Ebenso sind Tische, auf denen die Becken zwischenabgestellt werden können, unerlässlich.

Eine sinnvolle Idee ist es auch, nicht allzu viele Besucher zu den Anlagen zu lassen. Jedenfalls während des Einsetzens und Bewertens. Der Bereich war gut abgetrennt. Klar, das immer ein paar einzelne Leute die gerade Fische einlieferten sich umsahen, ich selbst war ja auch da. Aber es waren nie zu viele in diesem Bereich. Ebenso ist auch die Ruhe wichtig. Was natürlich beim Bewerten eh unerlässlich ist. Wenn ich da an unsere Ausstellung denke, muss ich zugeben, dass zu viele Leute bei uns querbeet laufen und es auch viel hektischer zugeht. 
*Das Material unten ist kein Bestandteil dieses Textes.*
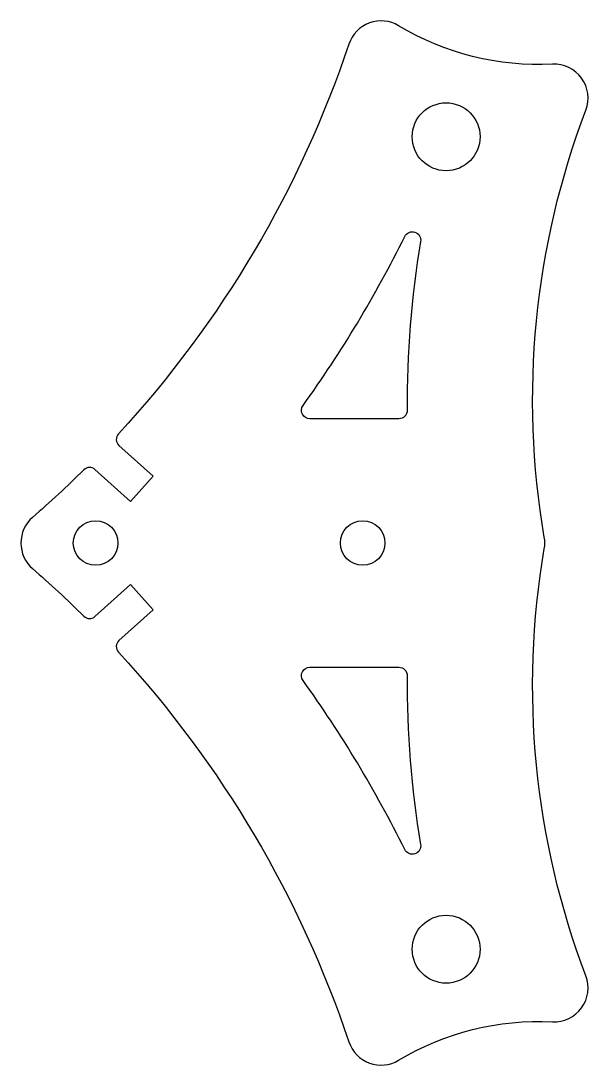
# Model space of a CAD drawing. Header units: inches. Extents: x -1.68 to 0.41, y -1.92 to 1.92.
import ezdxf

# ---------------------------------------------------------------- set-up
doc = ezdxf.new("R2010")
doc.units = ezdxf.units.IN
doc.header["$MEASUREMENT"] = 0

msp = doc.modelspace()

# ---------------------------------------------------------------- linework, layer by layer
for points in [[(-1.4078, 0.2706, 0.397695), (-1.449, 0.2696, -0.016105), (-1.6377, 0.0943, 0.455103), (-1.6377, -0.0943, -0.016105), (-1.449, -0.2696, 0.397695), (-1.4078, -0.2706), (-1.2772, -0.153), (-1.1935, -0.2459), (-1.3195, -0.3593, 0.417377), (-1.3215, -0.4019, -0.10539), (-0.473, -1.8376, 0.479534), (-0.29, -1.905, -0.149158), (0.2761, -1.7631, 0.541429), (0.3993, -1.5939, -0.134048), (0.2463, -0.0211, 0.084972), (0.2463, 0.0211, -0.134048), (0.3993, 1.5939, 0.541429), (0.2761, 1.7631, -0.149158), (-0.29, 1.905, 0.479534), (-0.473, 1.8376, -0.10539), (-1.3215, 0.4019, 0.417377), (-1.3195, 0.3593), (-1.1935, 0.2459), (-1.2772, 0.153)], [(-0.2892, 0.4574), (-0.6168, 0.4574, -0.611029), (-0.642, 0.5065, 0.040778), (-0.2674, 1.129, -0.864148), (-0.209, 1.11, 0.045102), (-0.2582, 0.4887, -0.417478)], [(-0.6168, -0.4574), (-0.2892, -0.4574, -0.417478), (-0.2582, -0.4887, 0.045102), (-0.209, -1.11, -0.864148), (-0.2674, -1.129, 0.040778), (-0.642, -0.5065, -0.611029)]]:
    msp.add_lwpolyline(points, format="xyb", close=True)
for centre, radius in [((-0.1152, 1.4961), 0.125), ((-1.4056, 0), 0.082), ((-0.4223, 0), 0.082), ((-0.1152, -1.4961), 0.125)]:
    msp.add_circle(centre, radius)

doc.saveas('drawing.dxf')

Zum Bewerten selbst sei gesagt, das Max vor der eigentlichen Bewertung nochmals grundlegende Sachen durchging und ansprach. Für die nicht Deutsch sprechenden Bewerter übersetzte Walter Schuster und Gerd Schwabe. Die Weibchensätze wurden zusammen und als erstes bewertet. Rundum muss man sagen, dass Max und sein Team alles im Griff hatten. Die Einteilung der Personen wirkte sich positiv auf die Ausstellung aus. Natürlich möchte ich noch auf die Bewirtung eingehen. Das Essen wurde mit Hilfe von Michael und Gerhard ein voller Erfolg. Es schmeckte hervorragend. Ebenso waren alle Arten von Getränken vorhanden. 

Ich kam mir vor wie ein guter alter Freund. Es fiel mir sichtlich schwer, als ich mich am nächsten Tag von allen verabschieden musste. Doch mein Flug ging pünktlich. Ich weiß aber schon jetzt, dass ich auf jeden Fall wieder kommen werde. Das ist sicher.

Danke nochmals auch an Hermann Magoschitz, in dessen Elternhaus ich übernachten durfte. Auch dort gäbe es viele tolle Sachen zu berichten, doch dies wäre eine andere Geschichte.